• **How to complete this task**
The entries below contain a stretch that opens with the line containing "or manual dispatch." and closes with the line containing "- [docs/development-workflow.md](docs/development-workflow.md) —"; set down that stretch exactly, both ends included, and nothing else.

• **Dataset entries**
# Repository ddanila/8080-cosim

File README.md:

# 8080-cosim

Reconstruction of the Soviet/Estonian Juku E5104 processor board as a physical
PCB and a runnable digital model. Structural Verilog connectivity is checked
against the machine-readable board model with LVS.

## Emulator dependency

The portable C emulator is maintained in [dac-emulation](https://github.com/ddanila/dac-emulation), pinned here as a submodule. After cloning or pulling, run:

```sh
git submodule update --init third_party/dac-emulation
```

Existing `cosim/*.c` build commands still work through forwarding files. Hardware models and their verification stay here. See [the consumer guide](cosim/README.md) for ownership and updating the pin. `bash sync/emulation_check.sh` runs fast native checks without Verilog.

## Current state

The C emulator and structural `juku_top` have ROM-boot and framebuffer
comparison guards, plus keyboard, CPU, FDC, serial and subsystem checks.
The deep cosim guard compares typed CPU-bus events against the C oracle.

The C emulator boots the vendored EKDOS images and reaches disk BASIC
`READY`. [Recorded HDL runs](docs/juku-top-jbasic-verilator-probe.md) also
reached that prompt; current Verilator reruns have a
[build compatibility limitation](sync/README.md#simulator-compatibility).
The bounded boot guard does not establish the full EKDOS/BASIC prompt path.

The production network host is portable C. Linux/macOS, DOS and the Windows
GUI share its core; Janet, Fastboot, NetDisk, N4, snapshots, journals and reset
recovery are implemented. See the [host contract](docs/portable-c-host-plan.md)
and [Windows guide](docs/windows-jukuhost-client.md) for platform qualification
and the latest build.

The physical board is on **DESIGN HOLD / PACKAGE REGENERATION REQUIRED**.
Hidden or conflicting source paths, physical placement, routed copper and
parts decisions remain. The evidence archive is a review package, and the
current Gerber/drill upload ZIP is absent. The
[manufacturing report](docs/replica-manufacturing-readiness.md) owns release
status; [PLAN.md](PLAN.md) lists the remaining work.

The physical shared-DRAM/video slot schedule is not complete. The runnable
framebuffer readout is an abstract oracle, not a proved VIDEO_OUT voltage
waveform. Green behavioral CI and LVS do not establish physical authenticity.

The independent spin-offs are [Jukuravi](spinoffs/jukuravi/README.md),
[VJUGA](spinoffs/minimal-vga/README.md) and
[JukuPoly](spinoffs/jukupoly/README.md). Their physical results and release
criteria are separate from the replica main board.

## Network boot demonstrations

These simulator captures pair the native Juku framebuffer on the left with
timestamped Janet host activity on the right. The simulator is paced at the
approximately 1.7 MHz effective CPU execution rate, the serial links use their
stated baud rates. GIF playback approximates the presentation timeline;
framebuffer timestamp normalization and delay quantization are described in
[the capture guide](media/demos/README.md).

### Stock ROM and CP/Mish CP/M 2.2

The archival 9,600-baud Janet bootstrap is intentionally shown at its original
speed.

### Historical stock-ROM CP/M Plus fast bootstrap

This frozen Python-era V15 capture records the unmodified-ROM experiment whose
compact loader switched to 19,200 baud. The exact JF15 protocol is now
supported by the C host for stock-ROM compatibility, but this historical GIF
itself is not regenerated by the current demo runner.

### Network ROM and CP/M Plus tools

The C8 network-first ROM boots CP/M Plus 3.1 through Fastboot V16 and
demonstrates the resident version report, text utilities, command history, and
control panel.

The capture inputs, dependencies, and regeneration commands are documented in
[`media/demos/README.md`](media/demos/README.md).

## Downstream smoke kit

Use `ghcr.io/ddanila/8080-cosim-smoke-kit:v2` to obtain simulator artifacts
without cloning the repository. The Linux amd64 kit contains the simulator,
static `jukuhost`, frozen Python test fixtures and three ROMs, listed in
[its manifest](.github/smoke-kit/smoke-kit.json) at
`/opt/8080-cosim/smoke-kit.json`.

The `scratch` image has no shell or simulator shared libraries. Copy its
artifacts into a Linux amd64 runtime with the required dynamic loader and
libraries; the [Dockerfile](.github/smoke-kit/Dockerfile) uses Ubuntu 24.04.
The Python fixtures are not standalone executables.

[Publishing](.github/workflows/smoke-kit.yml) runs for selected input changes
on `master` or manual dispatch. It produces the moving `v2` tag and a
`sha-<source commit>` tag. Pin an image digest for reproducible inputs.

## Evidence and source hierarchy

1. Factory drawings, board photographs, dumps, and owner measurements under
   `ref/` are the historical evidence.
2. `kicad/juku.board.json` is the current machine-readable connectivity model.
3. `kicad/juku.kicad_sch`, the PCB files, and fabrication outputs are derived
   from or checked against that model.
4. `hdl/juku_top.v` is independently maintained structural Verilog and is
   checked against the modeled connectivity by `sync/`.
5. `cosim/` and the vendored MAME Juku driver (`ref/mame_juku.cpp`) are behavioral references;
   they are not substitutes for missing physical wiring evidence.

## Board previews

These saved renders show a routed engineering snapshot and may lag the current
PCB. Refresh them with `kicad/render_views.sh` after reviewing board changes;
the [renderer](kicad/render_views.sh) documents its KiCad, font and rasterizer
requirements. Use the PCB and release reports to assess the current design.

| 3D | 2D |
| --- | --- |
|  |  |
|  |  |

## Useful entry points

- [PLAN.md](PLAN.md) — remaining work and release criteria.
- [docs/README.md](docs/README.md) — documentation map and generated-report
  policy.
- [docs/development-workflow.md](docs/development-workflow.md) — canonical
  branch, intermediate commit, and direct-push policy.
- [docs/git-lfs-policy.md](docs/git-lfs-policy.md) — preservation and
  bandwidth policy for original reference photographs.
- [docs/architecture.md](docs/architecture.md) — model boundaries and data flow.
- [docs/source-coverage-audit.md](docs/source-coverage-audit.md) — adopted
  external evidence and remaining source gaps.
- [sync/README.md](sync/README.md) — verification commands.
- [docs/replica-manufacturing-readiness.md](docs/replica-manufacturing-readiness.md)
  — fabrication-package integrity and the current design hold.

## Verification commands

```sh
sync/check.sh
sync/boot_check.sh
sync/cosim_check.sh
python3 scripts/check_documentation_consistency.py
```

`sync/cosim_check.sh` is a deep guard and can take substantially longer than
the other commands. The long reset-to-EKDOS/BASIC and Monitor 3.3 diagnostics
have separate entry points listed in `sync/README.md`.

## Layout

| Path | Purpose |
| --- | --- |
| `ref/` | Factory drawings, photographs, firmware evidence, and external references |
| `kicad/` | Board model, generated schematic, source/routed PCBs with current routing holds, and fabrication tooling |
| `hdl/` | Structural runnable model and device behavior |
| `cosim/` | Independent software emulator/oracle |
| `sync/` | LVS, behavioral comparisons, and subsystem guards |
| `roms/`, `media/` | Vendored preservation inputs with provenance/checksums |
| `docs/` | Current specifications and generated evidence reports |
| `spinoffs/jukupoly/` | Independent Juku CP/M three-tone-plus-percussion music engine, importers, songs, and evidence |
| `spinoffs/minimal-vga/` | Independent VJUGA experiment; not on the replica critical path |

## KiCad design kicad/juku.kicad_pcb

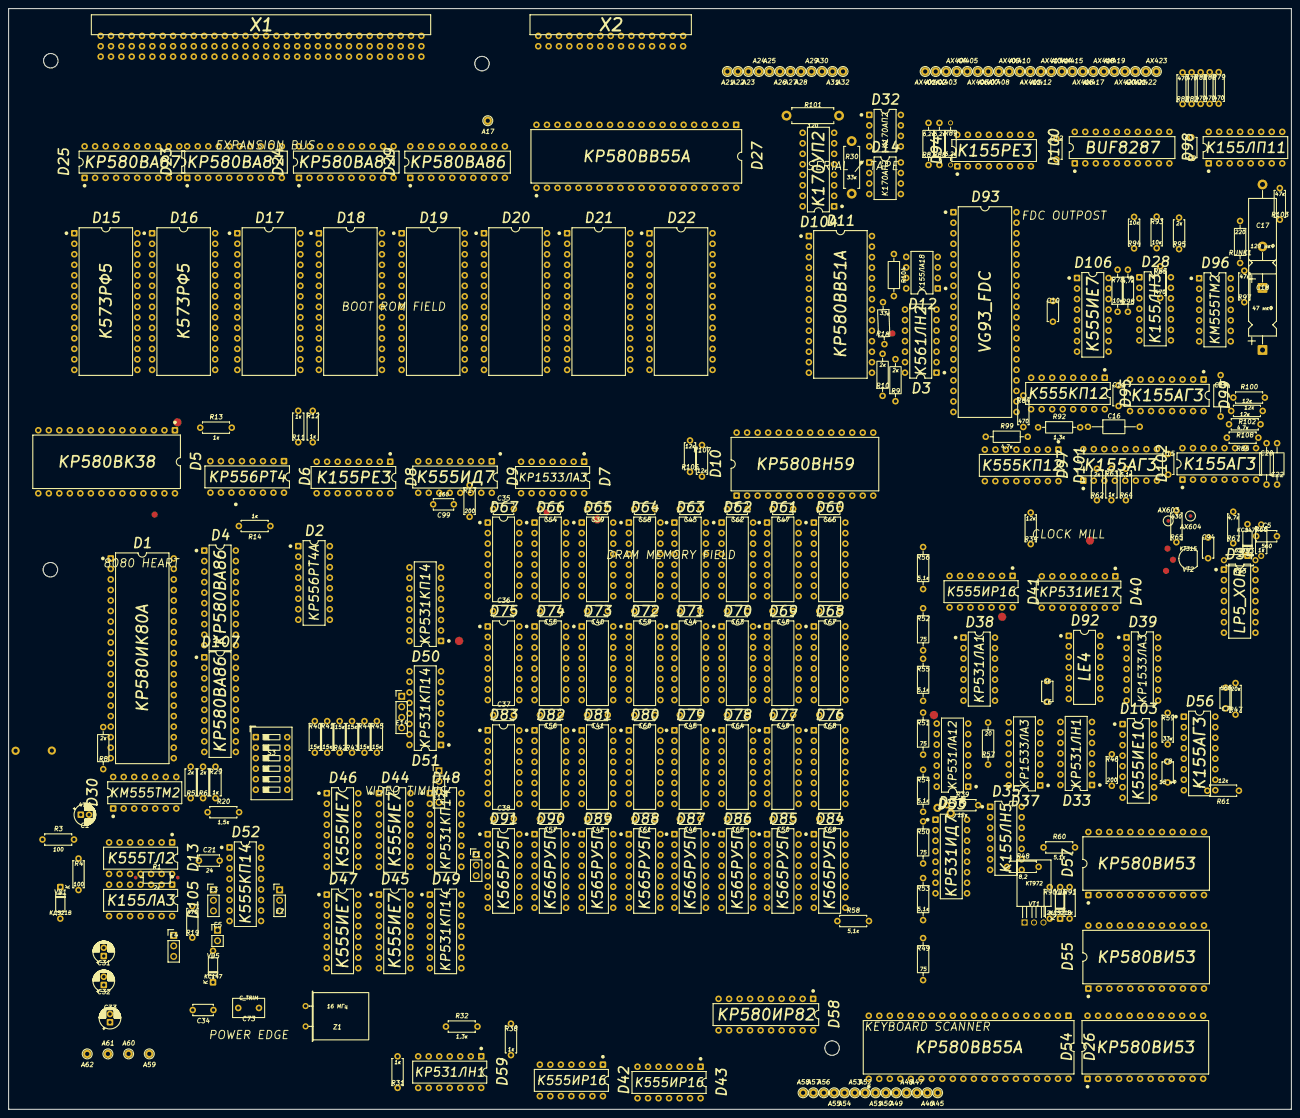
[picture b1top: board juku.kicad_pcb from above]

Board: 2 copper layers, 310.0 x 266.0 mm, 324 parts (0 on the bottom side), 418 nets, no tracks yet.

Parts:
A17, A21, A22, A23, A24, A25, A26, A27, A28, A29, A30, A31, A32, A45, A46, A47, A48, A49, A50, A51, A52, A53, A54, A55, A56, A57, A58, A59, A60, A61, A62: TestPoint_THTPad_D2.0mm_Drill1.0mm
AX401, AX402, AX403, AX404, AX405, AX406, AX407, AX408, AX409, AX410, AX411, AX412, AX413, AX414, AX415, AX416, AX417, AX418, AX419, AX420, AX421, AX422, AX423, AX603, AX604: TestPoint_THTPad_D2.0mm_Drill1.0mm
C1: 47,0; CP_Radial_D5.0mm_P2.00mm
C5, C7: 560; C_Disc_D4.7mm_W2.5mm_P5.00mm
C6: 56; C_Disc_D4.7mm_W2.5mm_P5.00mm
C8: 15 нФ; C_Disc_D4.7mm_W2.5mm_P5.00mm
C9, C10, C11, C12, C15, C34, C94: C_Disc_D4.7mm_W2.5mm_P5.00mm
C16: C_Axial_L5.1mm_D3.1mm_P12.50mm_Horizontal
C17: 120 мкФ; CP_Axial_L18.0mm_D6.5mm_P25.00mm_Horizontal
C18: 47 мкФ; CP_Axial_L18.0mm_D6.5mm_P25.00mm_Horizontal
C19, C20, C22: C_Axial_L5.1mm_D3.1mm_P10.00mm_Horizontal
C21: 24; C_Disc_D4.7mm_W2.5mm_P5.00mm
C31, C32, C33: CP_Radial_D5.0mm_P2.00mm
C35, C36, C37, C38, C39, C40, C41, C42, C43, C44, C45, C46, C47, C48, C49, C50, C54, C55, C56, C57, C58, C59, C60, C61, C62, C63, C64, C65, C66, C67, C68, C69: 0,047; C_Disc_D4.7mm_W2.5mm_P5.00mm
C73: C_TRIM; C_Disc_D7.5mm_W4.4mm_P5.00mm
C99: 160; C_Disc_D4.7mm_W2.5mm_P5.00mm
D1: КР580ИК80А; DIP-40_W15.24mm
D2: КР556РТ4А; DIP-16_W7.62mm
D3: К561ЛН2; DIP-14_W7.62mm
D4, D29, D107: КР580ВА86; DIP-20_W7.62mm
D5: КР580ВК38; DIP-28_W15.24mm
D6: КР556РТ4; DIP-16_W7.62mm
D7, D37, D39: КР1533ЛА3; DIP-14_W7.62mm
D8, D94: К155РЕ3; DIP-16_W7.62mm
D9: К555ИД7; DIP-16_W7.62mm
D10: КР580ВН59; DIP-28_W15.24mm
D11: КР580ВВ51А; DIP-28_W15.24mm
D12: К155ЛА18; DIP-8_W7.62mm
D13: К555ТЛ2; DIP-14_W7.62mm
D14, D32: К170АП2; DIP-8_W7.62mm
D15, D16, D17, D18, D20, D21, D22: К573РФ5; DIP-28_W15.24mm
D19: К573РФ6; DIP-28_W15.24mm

• **Reply to the task**
on `master` or manual dispatch. It produces the moving `v2` tag and a
`sha-<source commit>` tag. Pin an image digest for reproducible inputs.

## Evidence and source hierarchy

1. Factory drawings, board photographs, dumps, and owner measurements under
   `ref/` are the historical evidence.
2. `kicad/juku.board.json` is the current machine-readable connectivity model.
3. `kicad/juku.kicad_sch`, the PCB files, and fabrication outputs are derived
   from or checked against that model.
4. `hdl/juku_top.v` is independently maintained structural Verilog and is
   checked against the modeled connectivity by `sync/`.
5. `cosim/` and the vendored MAME Juku driver (`ref/mame_juku.cpp`) are behavioral references;
   they are not substitutes for missing physical wiring evidence.

## Board previews

These saved renders show a routed engineering snapshot and may lag the current
PCB. Refresh them with `kicad/render_views.sh` after reviewing board changes;
the [renderer](kicad/render_views.sh) documents its KiCad, font and rasterizer
requirements. Use the PCB and release reports to assess the current design.

| 3D | 2D |
| --- | --- |
|  |  |
|  |  |

## Useful entry points

- [PLAN.md](PLAN.md) — remaining work and release criteria.
- [docs/README.md](docs/README.md) — documentation map and generated-report
  policy.
- [docs/development-workflow.md](docs/development-workflow.md) — canonical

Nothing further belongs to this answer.